Anpassung an das neue Stadtklima
Rumänien erlebt immer heißere Sommer, und die Städte spüren diesen Wandel am deutlichsten. Nach Jahren mit Rekordtemperaturen und langen Hitzewellen sind Großstädte zu echten Brennpunkten geworden. Der Temperaturunterschied zwischen dem Zentrum einer Metropole und dem ländlichen Umland kann bis zu 8 Grad Celsius betragen – in der Klimatologie spricht man von einer „städtischen Wärmeinsel“. Sorin Cheval, Wissenschaftler beim Nationalen Wetterdienst, erklärt, was diesen Hitzestress weiter antreibt:
Daniel Onea und Adina Olaru, 01.06.2026, 16:42
Rumänien erlebt immer heißere Sommer, und die Städte spüren diesen Wandel am deutlichsten. Nach Jahren mit Rekordtemperaturen und langen Hitzewellen sind Großstädte zu echten Brennpunkten geworden. Der Temperaturunterschied zwischen dem Zentrum einer Metropole und dem ländlichen Umland kann bis zu 8 Grad Celsius betragen – in der Klimatologie spricht man von einer „städtischen Wärmeinsel“. Sorin Cheval, Wissenschaftler beim Nationalen Wetterdienst, erklärt, was diesen Hitzestress weiter antreibt:
„Die Hauptursache für dieses Phänomen ist eine Stadtentwicklung, die das klimatische Wohlbefinden ignoriert. Wir beobachten in bestimmten Regionen Rumäniens eine extrem hohe Bebauungsdichte, Bukarest ist da ein treffendes Beispiel. Obwohl die Hauptstadt über weitläufige Parks verfügt, gibt es riesige Flächen, auf denen die Vegetation fast fehlt oder einfach nicht ausreicht, um für Abkühlung zu sorgen. Die chaotische Stadtentwicklung der letzten Jahrzehnte und die zunehmende Bodenversiegelung – ein Prozess, der bis heute anhält – sind das größte Problem. Das führt zu einem drastischen Rückgang der Luftfeuchtigkeit, was sich direkt auf die Gesundheit auswirkt. Eine exzessive, unkontrollierte Urbanisierung bedeutet also massiven Hitzestress für die Menschen.“
Es reicht jedoch nicht, die aktuelle Lage nur zu analysieren. Experten warnen: Die Anpassung drängt und erfordert Maßnahmen auf allen Ebenen. Die Lösungen reichen von alltäglichen Handgriffen bis hin zu komplexen Strategien in der Stadtplanung.

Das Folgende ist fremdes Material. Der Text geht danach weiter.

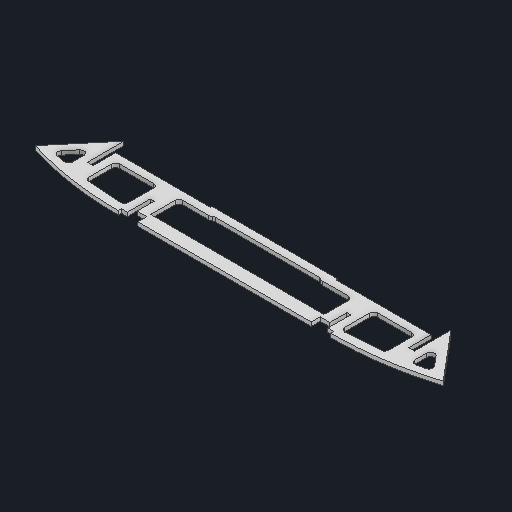
# Autodesk Inventor part: tail_2
Saved by Autodesk Inventor 2022.2 (Build 262287010, 287A)
## iProperties
Created: 2022-03-21
Part Number: tail_2
Material: Generic
Document SubType Name: Modeling
Designer: kardo
Density: 1 g/cm^3
Appearance: Default
Author: kardo
Autodesk Inventor part; units mm, degrees
ref_plane "YZ Plane" through (0, 0, 0) normal (1, 0, 0) x (0, 1, 0)
ref_plane "XZ Plane" through (0, 0, 0) normal (0, 1, 0) x (-1, 0, 0)
ref_plane "XY Plane" through (0, 0, 0) normal (0, 0, 1) x (1, 0, 0)
derived "parameters_frame.ipt"
derived "stencil_frame.ipt"
sketch "sk_joint_locations" plane through (81.12, 0, 0) normal (1, 0, 0) x (0, 1, 0)
  line L0 (0, 0) -> (135.09, 9.4464) construction
  line L1 (30.81, 28.832) -> (94.8, 28.832) construction
  arc A0 (30.81, 28.832) -> (9.48, 28.4869) centre (30.81, -630.4631) ccw construction
  line L2 (-254.1001, 19.9549) -> (9.48, 28.4869) construction
  line L3 (-363, 18.496) -> (-275.8801, 19.4795) construction
  arc A1 (-275.8801, 19.4795) -> (-254.1001, 19.9549) centre (-287.5515, 1053.3708) ccw construction
  line L4 (25.1322, 1581.9163) -> (267.6663, -1886.4825) construction
  line L5 (-242.0001, 1541.8302) -> (-242.0001, -1877.3857) construction
  line L6 (-120.9999, 1541.8302) -> (-120.9999, -1877.3857) construction
  line L7 (-363, 1541.8302) -> (-363, -1877.3857) construction
  line L8 (0, 1541.8302) -> (0, -1877.3857) construction
  line L9 (450.0665, 43.8884) -> (-613.9211, 6.7332) construction
  line L10 (-677.4829, -27.4989) -> (501.7293, 54.9597) construction
  line L11 (187.7215, 30.7247) -> (187.4423, 38.7198) construction
  line L12 (195.4031, 37.5588) -> (195.9625, 29.5588) construction
  line L13 (0, 3.808) -> (134.9306, 11.7256) construction
  line L14 (-242.0001, 45.8501) -> (-242.0001, 20.3465) construction
  line L15 (-363, 37.4293) -> (-363, 18.496) construction
  line L16 (-120.9999, 51.0063) -> (-120.9999, 24.2633) construction
  line L17 (0, 52.89) -> (0, 28.18) construction
  line L18 (132.2944, 49.425) -> (132.8217, 41.8851) construction
  line L19 (133.3489, 34.3453) -> (132.8217, 41.8851) construction
  line L20 (133.3489, 34.3453) -> (133.8761, 26.8054) construction
  line L21 (133.8761, 26.8054) -> (134.4034, 19.2655) construction
  line L22 (134.4034, 19.2655) -> (134.9306, 11.7256) construction
  line L23 (0, 3.808) -> (0, 0) construction
  spline S0 degree 4 poles (-363, 37.4293) (-272.3626, 45.1427) (-181.5879, 49.7528) (-90.8131, 52.89) (0, 52.89) knots 0 0 0 0 0 1 1 1 1 1
  spline S1 degree 3 poles (0, 52.89) (86.3106, 52.89) (181.3207, 49.5034) (237, 36.448) knots 0 0 0 0 1 1 1 1
  spline S2 degree 2 poles (135.09, 9.4464) (188.144, 13.1563) (237, 36.448) knots 0 0 0 1 1 1
  line L24 (94.8, 37.536) -> (94.8, 28.832) construction
  line L25 (94.8, 35.548) -> (94.8, 30.82) construction
  point P0 (187.5819, 34.7223)
  point P1 (195.6828, 33.5588)
  point P2 (134.9575, 11.3411)
  point P3 (-363, 27.9627)
  point P4 (-242.0001, 33.0983)
  point P5 (-120.9999, 37.6348)
  point P6 (0, 40.535)
  point P7 (94.8, 33.184)
sketch "sk_cowl_joint_locations" plane through (54.6, 0, 0) normal (1, 0, 0) x (0, 1, 0)
  line L0 (-363, 18.496) -> (-275.8801, 19.4795) construction
  arc A0 (-275.8801, 19.4795) -> (-254.1001, 19.9549) centre (-287.5515, 1053.3708) ccw construction
  line L1 (-254.1001, 19.9549) -> (9.48, 28.4869) construction
  arc A1 (30.81, 28.832) -> (9.48, 28.4869) centre (30.81, -630.4631) ccw construction
  line L2 (30.81, 28.832) -> (94.8, 28.832) construction
  line L3 (94.8, 30.032) -> (30.81, 30.032) construction
  arc A2 (30.81, 30.032) -> (9.4412, 29.6862) centre (30.81, -630.4631) ccw construction
  line L4 (9.4412, 29.6862) -> (-254.1389, 21.1542) construction
  arc A3 (-275.8936, 20.6794) -> (-254.1389, 21.1542) centre (-287.5515, 1053.3708) ccw construction
  line L5 (-275.8936, 20.6794) -> (-363, 19.6961) construction
  line L6 (-242.0001, 1541.8302) -> (-242.0001, -1877.3857) construction
  line L7 (-120.9999, 1541.8302) -> (-120.9999, -1877.3857) construction
  line L8 (-363, 1541.8302) -> (-363, -1877.3857) construction
  line L9 (0, 1541.8302) -> (0, -1877.3857) construction
  line L10 (-242.0001, 45.0688) -> (-242.0001, 21.5472) construction
  line L11 (-120.9999, 49.9661) -> (-120.9999, 25.4639) construction
  line L12 (-363, 19.6961) -> (-363, 19.6961)
  line L13 (-363, 19.6961) -> (-363, 36.9211) construction
  line L14 (-513.6167, 1550.4344) -> (344.3546, -1890.7004) construction
  line L15 (-362.7741, 36.9211) -> (-363, 39.712) construction
  line L16 (0, 51.6) -> (0, 29.3806) construction
  spline S0 degree 2 poles (-363, 39.712) (-181.6483, 54.394) (0, 54.4) knots 0 0 0 1 1 1
  spline S1 degree 3 poles (0, 54.4) (52.14, 54.4) (75.84, 49.3408) (94.8, 37.536) knots 1 1 1 1 2 2 2 2
  spline S2 degree 3 poles (93.3201, 35.1591) (91.7887, 36.1125) (88.6673, 37.9255) (84.5441, 39.9679) (80.1975, 41.8496) (76.5188, 43.2287) (71.6118, 44.7991) (67.4172, 45.9339) (61.7832, 47.203) (56.9422, 48.0997) (50.4217, 49.0741) (44.8094, 49.7373) (37.2484, 50.4231) (30.743, 50.8582) (21.9903, 51.263) (12.5916, 51.53) (4.3299, 51.6) (0, 51.6) knots 1 1 1 1 1.083333 1.166667 1.208333 1.291667 1.333333 1.416667 1.458333 1.541667 1.583333 1.666667 1.708333 1.791667 1.833333 1.916667 2 2 2 2
  spline S3 degree 3 poles (0, 51.6) (-20.1706, 51.5993) (-55.4643, 51.3605) (-95.7903, 50.6123) (-126.0307, 49.8474) (-146.1889, 49.2356) (-171.3841, 48.3435) (-191.5382, 47.528) (-216.7283, 46.3813) (-236.8783, 45.3621) (-262.0632, 43.9608) (-282.2091, 42.7379) (-307.3889, 41.082) (-332.5661, 39.2987) (-352.7052, 37.7363) (-362.7741, 36.9211) knots 0 0 0 0 0.166667 0.291667 0.333333 0.416667 0.458333 0.541667 0.583333 0.666666 0.708333 0.791666 0.833333 0.916666 1 1 1 1
  line L17 (-142.5135, 45.4866) -> (-137.389, 24.9334) construction
  line L18 (-134.789, 31.0394) -> (-138.6702, 30.0717) construction
  line L19 (-137.3512, 41.316) -> (-141.2324, 40.3483) construction
  line L20 (-142.5135, 45.4866) -> (-138.6324, 46.4543) construction
  line L21 (-137.389, 24.9334) -> (-133.5079, 25.9011) construction
  line L22 (-138.6324, 46.4543) -> (-138.8117, 52.2515) construction
  point P0 (0, 0)
  point P1 (-363, 28.3086)
  point P2 (-242.0001, 33.308)
  point P3 (-120.9999, 37.715)
  point P4 (0, 40.4903)
  point P5 (-513.6167, 1550.4344)
  point P6 (344.3546, -1890.7004)
  point P7 (-85.2629, 50.788)
  point P8 (0, 40.4903)
sketch "sk_tail_2_base" plane through (0, -242.0001, 0) normal (0, 1, 0) x (-1, 0, 0)
  spline S0 degree 2 poles (-54.6, 47.8729) (-109.262, 47.8729) (-156, 14.7183) knots 0 0 0 1 1 1 construction
  line L0 (0, 47.8729) -> (-54.6, 47.8729) construction
  line L1 (894.3992, -1153.6931) -> (-881.6022, 962.8628) construction
  line L2 (0, -1877.3857) -> (0, 1541.8302) construction
  line L3 (0, 20.7064) -> (-32.32, 20.7064)
  line L4 (-32.32, 20.7064) -> (-32.32, 21.5465)
  line L5 (-32.32, 21.5465) -> (-81.12, 21.5465)
  line L6 (-81.12, 21.5465) -> (-81.12, 33.0983)
  line L7 (-81.12, 33.0983) -> (-84.12, 33.0983)
  line L8 (-84.12, 33.0983) -> (-84.12, 14.3275)
  line L9 (-84.12, 14.3275) -> (-104.896, 39.0874)
  line L10 (0, 46.6729) -> (-54.6, 46.6729)
  line L11 (0, 46.6729) -> (0, 20.7064)
  spline S1 degree 5 poles (-54.6, 46.6729) (-65.235, 46.6727) (-75.8695, 45.884) (-86.4273, 44.246) (-107.4395, 39.1871) (-127.368, 30.8129) (-137.094, 25.7751) (-146.4079, 20.0514) (-155.3057, 13.7395) knots 0 0 0 0 0 0 0.493638 0.493638 0.493638 1 1 1 1 1 1
  point P0 (0, 0)
  point P1 (-34.32, 20.3465)
  point P2 (-34.32, 19.5064)
  dimension "d3" = 1.2
  dimension "d4" = 1.2
  dimension "d5" = 1.2
  dimension "d6" = 2
  dimension "d7" = 3
  dimension "d8" = 1.2
  constraints: 18 end point, 5 parallel, 4 perpendicular, 2 point on line, 1 coincident, 4 other
  measures "d4" distance from line of L3 point (-34.32, 19.506)
  measures "d5" distance from line of L5 point (-34.32, 20.347)
  measures "d6" distance from line of point (-34.32, 20.347) L4
  measures "d7" distance of L6.end L7.end
  measures "d8" distance between parallel lines of L1 L9
extrude "thicken" add sketch "sk_tail_2_base" along normal blind 2
sketch "sk_cut_joint" plane through (0, -242.0001, 0) normal (0, 1, 0) x (-1, 0, 0)
  line L0 (0, 47.8729) -> (-54.6, 47.8729) projected
  line L1 (-54.6, -1877.3857) -> (-54.6, 1541.8302) construction
  line L2 (-49.6, 47.8729) -> (-49.6, 33.308)
  line L3 (-49.6, 33.308) -> (-51.6, 33.308)
  line L4 (-51.6, 33.308) -> (-51.6, 47.8729)
  point P0 (0, 0)
  point P1 (-54.6, 33.308)
  dimension "d11" = 5
  dimension "d12" = 2
  constraints: 6 end point, 3 parallel, 3 point on line
  measures "d11" distance between parallel lines of L1 L2
  measures "d12" distance between parallel lines of L2 L4
extrude "cut_joint" cut sketch "sk_cut_joint" along normal through all both and the other way through all
sketch "sk_cut_liner" plane through (0, -242.0001, 0) normal (0, 1, 0) x (-1, 0, 0)
  line L0 (0, 47.8729) -> (-54.6, 47.8729) projected
  line L1 (-54.6, -1877.3857) -> (-54.6, 1541.8302) projected
  line L2 (-44.6, 47.8729) -> (-44.6, 42.0729)
  line L3 (-44.6, 42.0729) -> (-49.6, 42.0729)
  line L4 (-49.6, 42.0729) -> (-49.6, 45.0729)
  line L5 (-49.6, 45.0729) -> (-54.6, 45.0729)
  point P0 (0, 0)
  dimension "d13" = 3
  dimension "d14" = 2.8
  dimension "d15" = 5
  dimension "d17" = 5
  constraints: 8 end point, 4 parallel, 2 point on line
  measures "d13" distance between parallel lines of L3 L5
  measures "d14" distance between parallel lines of L0 L5
  measures "d15" distance between parallel lines of L1 L4
  measures "d17" distance between parallel lines of L2 L4
extrude "cut_liner" cut sketch "sk_cut_liner" along normal through all both and the other way through all
sketch "sk_cut_weight" plane through (0, -242.0001, 0) normal (0, 1, 0) x (-1, 0, 0)
  line L0 (-44.6, 47.8729) -> (-44.6, 42.0729) construction
  line L1 (-44.6, 42.0729) -> (-49.6, 42.0729) construction
  line L2 (-49.6, 42.0729) -> (-49.6, 45.0729) projected
  line L3 (-32.32, 21.5465) -> (-81.12, 21.5465) construction
  line L4 (-32.32, 20.7064) -> (-32.32, 21.5465) construction
  line L5 (0, 20.7064) -> (-32.32, 20.7064) construction
  line L6 (-81.12, 21.5465) -> (-81.12, 33.0983) construction
  line L7 (-84.12, 33.0983) -> (-84.12, 14.3275) construction
  spline S0 degree 3 poles (-54.6, 46.6729) (-57.6166, 46.6729) (-63.6125, 46.5204) (-71.0149, 45.9488) (-78.3481, 45.0915) (-84.1595, 44.1772) (-91.3552, 42.7486) (-97.057, 41.3771) (-104.1161, 39.3771) (-109.709, 37.5484) (-116.6326, 34.9765) (-122.1174, 32.6902) (-130.2638, 28.9171) (-140.9825, 23.2754) (-150.1426, 17.4021) (-155.3057, 13.7395) knots 0 0 0 0 0.083333 0.166667 0.208333 0.291667 0.333333 0.416667 0.458333 0.541667 0.583333 0.666667 0.708333 0.833333 1 1 1 1 construction
  line L8 (-84.12, 14.3275) -> (-104.896, 39.0874) construction
  line L9 (0, -1877.3857) -> (0, 1541.8302) projected
  line L10 (-88.12, 25.3174) -> (-88.12, 39.3855)
  line L11 (-88.12, 39.3855) -> (-98.1493, 37.2698)
  line L12 (-98.1493, 37.2698) -> (-88.12, 25.3174)
  line L13 (-88.12, 39.3855) -> (-88.12, 43.3855) construction
  line L14 (-98.1493, 37.2698) -> (-100.7205, 40.334) construction
  line L15 (0, 40.0729) -> (-44.6, 40.0729)
  line L16 (-44.6, 40.0729) -> (-44.6, 25.5465)
  line L17 (-44.6, 25.5465) -> (-28.32, 25.5465)
  line L18 (-28.32, 25.5465) -> (-28.32, 24.7064)
  line L19 (-28.32, 24.7064) -> (0, 24.7064)
  line L20 (-55.6, 42.6729) -> (-77.12, 41.185)
  line L21 (-77.12, 41.185) -> (-77.12, 25.5465)
  line L22 (-77.12, 25.5465) -> (-55.6, 25.5465)
  line L23 (-55.6, 25.5465) -> (-55.6, 42.6729)
  line L24 (-49.6, 42.0729) -> (-49.6, 21.5465) construction
  line L25 (-49.6, 42.0729) -> (-51.6, 42.0729) construction
  line L26 (-51.6, 42.0729) -> (-51.6, 21.5465) construction
  line L27 (-77.12, 41.185) -> (-77.3959, 45.1755) construction
  point P0 (0, 0)
  dimension "d22" = 2
  dimension "d23" = 4
  dimension "d24" = 4
  dimension "d25" = 4
  dimension "d26" = 4
  dimension "d28" = 4
  dimension "d29" = 4
  dimension "d30" = 4
  dimension "d31" = 4
  dimension "d32" = 4
  dimension "d33" = 4
  dimension "d34" = 4
  dimension "d35" = 2
  dimension "d39" = 4
  constraints: 36 end point, 11 parallel, 4 collinear, 4 point on line, 2 perpendicular, 3 other
  measures "d22" distance between parallel lines of L24 L26
  measures "d23" distance between parallel lines of L23 L26
  measures "d24" distance between parallel lines of L3 L22
  measures "d25" distance between parallel lines of L6 L21
  measures "d26" distance of L20.end L27.end
  measures "d28" distance between parallel lines of L7 L10
  measures "d29" distance between parallel lines of L8 L12
  measures "d30" distance of L10.end L13.end
  measures "d31" distance of L11.end L14.end
  measures "d32" distance between parallel lines of L5 L19
  measures "d33" distance between parallel lines of L4 L18
  measures "d34" distance between parallel lines of L3 L17
  measures "d35" distance between parallel lines of L1 L15
  measures "d39" vertical distance of L20.start point (-54.6, 46.673)
extrude "cut_weight" cut sketch "sk_cut_weight" along normal through all both and the other way through all
fillet "rounding" radius 2 10 edges at (28.32, -241.0001, 25.5465) (28.32, -241.0001, 24.7064) (44.6, -241.0001, 25.5465) (77.12, -241.0001, 41.185) (98.1493, -241.0001, 37.2698) (77.12, -241.0001, 25.5465) (88.12, -241.0001, 25.3174) (55.6, -241.0001, 25.5465) (55.6, -241.0001, 42.6729) (88.12, -241.0001, 39.3855)
mirror "mirror" about plane through (0, 0, 0) normal (1, 0, 0)
equation "\"d3\" = shell_thickness"
equation "\"d4\" = shell_thickness"
equation "\"d5\" = shell_thickness"
equation "\"d6\" = bulkhead_thickness"
equation "\"d7\" = stringer_thickness"
equation "\"d8\" = shell_thickness"
equation "\"d9\" = bulkhead_thickness"
equation "\"d11\" = cowl_liner_width"
equation "\"d12\" = bulkhead_thickness"
equation "\"d13\" = cowl_sealing_thickness"
equation "\"d14\" = cowl_shell_thickness + cowl_liner_thickness"
equation "\"d15\" = cowl_liner_width"
equation "\"d17\" = cowl_sealing_width"
equation "\"d22\" = bulkhead_thickness"
equation "\"d23\" = bulkhead_inset"
equation "\"d24\" = bulkhead_inset"
equation "\"d25\" = bulkhead_inset"
equation "\"d26\" = bulkhead_inset"
equation "\"d28\" = bulkhead_inset"
equation "\"d29\" = bulkhead_inset"
equation "\"d30\" = bulkhead_inset"
equation "\"d31\" = bulkhead_inset"
equation "\"d32\" = bulkhead_inset"
equation "\"d33\" = bulkhead_inset"
equation "\"d34\" = bulkhead_inset"
equation "\"d39\" = bulkhead_inset"
equation "\"d38\" = 0.5 * bulkhead_inset"
equation "\"shell_thickness\" = 1.2"
equation "\"stringer_thickness\" = 3"
equation "\"bulkhead_thickness\" = 2"
equation "\"cowl_liner_width\" = 5"
equation "\"cowl_sealing_thickness\" = 3"
equation "\"cowl_shell_thickness\" = 1.6"
equation "\"cowl_liner_thickness\" = 1.2"
equation "\"cowl_sealing_width\" = 5"
equation "\"bulkhead_inset\" = 4"
body "Solid1"
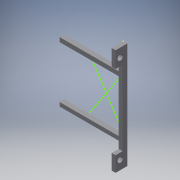
# Autodesk Inventor part: estructura union gusano
Saved by Autodesk Inventor 2016 (Build 200138000, 138)
## iProperties
Created: 2016-08-18
Part Number: estructura union gusano
Material: Generic
Document SubType Name: Modeling
Designer: Admin
Density: 1 g/cm^3
Appearance: Default
Author: Admin
Autodesk Inventor part; units mm, degrees
ref_plane "YZ Plane" through (0, 0, 0) normal (1, 0, 0) x (0, 1, 0)
ref_plane "XZ Plane" through (0, 0, 0) normal (0, 1, 0) x (-1, 0, 0)
ref_plane "XY Plane" through (0, 0, 0) normal (0, 0, 1) x (1, 0, 0)
sketch "Sketch2" plane through (0, 0, 0) normal (1, 0, 0) x (0, 1, 0)
  line L0 (0, 0) -> (-40, 0)
  line L1 (-40, 0) -> (-40, -270)
  line L2 (-40, -270) -> (0, -270)
  line L3 (0, -270) -> (0, 0)
  dimension "d0" = 40
  dimension "d1" = 270
  constraints: 8 end point, 2 parallel, 1 horizontal, 1 perpendicular
  measures "d0" distance of L2.end L1.end
  measures "d1" distance of L1.end L0.end
extrude "Extrusion1" add sketch "Sketch2" along normal blind 10
sketch "Sketch3" plane through (10, 0, 0) normal (1, 0, 0) x (0, 0, -1)
  circle A0 centre (22, -18) radius 7
  line L0 (270, 0) -> (0, 0) projected
  dimension "d4" = 14
  dimension "d10" = 18
  constraints: 1 centre point
  measures "d4" diameter of A0
  measures "d10" distance from line of L0 A0.centre
extrude "Extrusion2" cut sketch "Sketch3" against normal through all
sketch "Sketch4" plane through (10, 0, 0) normal (1, 0, 0) x (0, 0, -1)
  circle A0 centre (247, -18) radius 7
  line L0 (270, 0) -> (0, 0) projected
  dimension "d7" = 14
  dimension "d11" = 18
  constraints: 1 centre point
  measures "d7" diameter of A0
  measures "d11" distance from line of L0 A0.centre
extrude "Extrusion3" cut sketch "Sketch4" against normal through all
sketch "Sketch5" plane through (10, 0, 0) normal (1, 0, 0) x (0, 0, -1)
  line L0 (41.1855, -36.3701) -> (231.1855, -36.3701)
  line L1 (231.1855, -36.3701) -> (231.1855, -14.3701)
  line L2 (231.1855, -14.3701) -> (41.1855, -14.3701)
  line L3 (41.1855, -14.3701) -> (41.1855, -36.3701)
  point P0 (0, 0)
  dimension "d14" = 22
  dimension "d15" = 190
  constraints: 8 end point, 2 parallel, 1 horizontal, 1 perpendicular
  measures "d14" distance between parallel lines of L0 L2
  measures "d15" distance between parallel lines of L1 L3
extrude "Extrusion4" cut sketch "Sketch5" against normal through all
sketch "Sketch15" plane through (10, 0, 0) normal (1, 0, 0) x (0, 0, -1)
  line L0 (135, 10) -> (85, 10)
  line L1 (85, 10) -> (185, 10)
  line L2 (185, 10) -> (231.1855, 0)
  line L3 (270, 0) -> (0, 0) projected
  line L4 (85, 10) -> (41.1855, 0)
  line L5 (41.1855, -36.3701) -> (41.1855, -14.3701) projected
  line L6 (41.1855, -14.3701) -> (85, 0)
  line L7 (185, 0) -> (231.1855, -12.1069)
  point P0 (41.1855, -30)
  dimension "d37" = 50
  dimension "d38" = 100
  constraints: 12 end point, 4 point on line, 1 collinear
  measures "d37" distance of L0.start L0.end
  measures "d38" distance of L0.end L1.end
extrude "Extrusion10" add sketch "Sketch15" against normal blind 10
sketch "Sketch16" plane through (10, 0, 0) normal (1, 0, 0) x (0, 0, -1)
  line L0 (41.1855, -14.3701) -> (231.1855, -14.3701) projected
  line L1 (41.1855, -14.3701) -> (85, -2.2632)
  line L2 (85, -2.2632) -> (185, -2.2632)
  line L3 (85, 10) -> (185, 10) projected
  line L4 (185, -2.2632) -> (231.1855, -14.3701)
  point P0 (0, 0)
  constraints: 6 end point, 1 parallel
extrude "Extrusion11" cut sketch "Sketch16" against normal through all
body "Solid1"

Noch einmal Sorin Cheval vom Nationalen Wetterdienst:
„Es gibt einfache, gut umsetzbare Maßnahmen für jeden Einzelnen. Zum Beispiel das Beschatten der Fenster – eine Praxis, die in den Mittelmeerländern weit verbreitet ist und die Temperatur in den Wohnungen um einige Grad senken kann. Wichtig ist auch regelmäßiges Lüften. In großen Städten wird das Hitzeproblem durch den Verkehr und Treibhausgasemissionen noch verschärft. Daher ist der Ausbau von Grünflächen absolut entscheidend, um diese Effekte abzufedern und die Städte lebenswert zu halten. Wenn tropische Tage und Nächte aufeinanderfolgen, brauchen die Menschen Rückzugsorte – also schattige öffentliche Plätze –, um sich körperlich erholen zu können. Zudem sollten die Behörden klare Hitze-Warnungen herausgeben, ähnlich wie bei Starkregen, verbunden mit konkreten Handlungsempfehlungen für die Bevölkerung.“
Die Anpassung an das neue Stadtklima ist keine bloße Theorie mehr, sondern eine akute Notwendigkeit. Damit unsere Städte sicher und lebenswert bleiben, muss die Stadtplanung den Schutz und Ausbau der grünen Infrastruktur über unkontrollierte Bauprojekte stellen. Gleichzeitig braucht es entschlossene Maßnahmen zur Reduzierung des Autoverkehrs und effiziente, öffentliche Warnsysteme.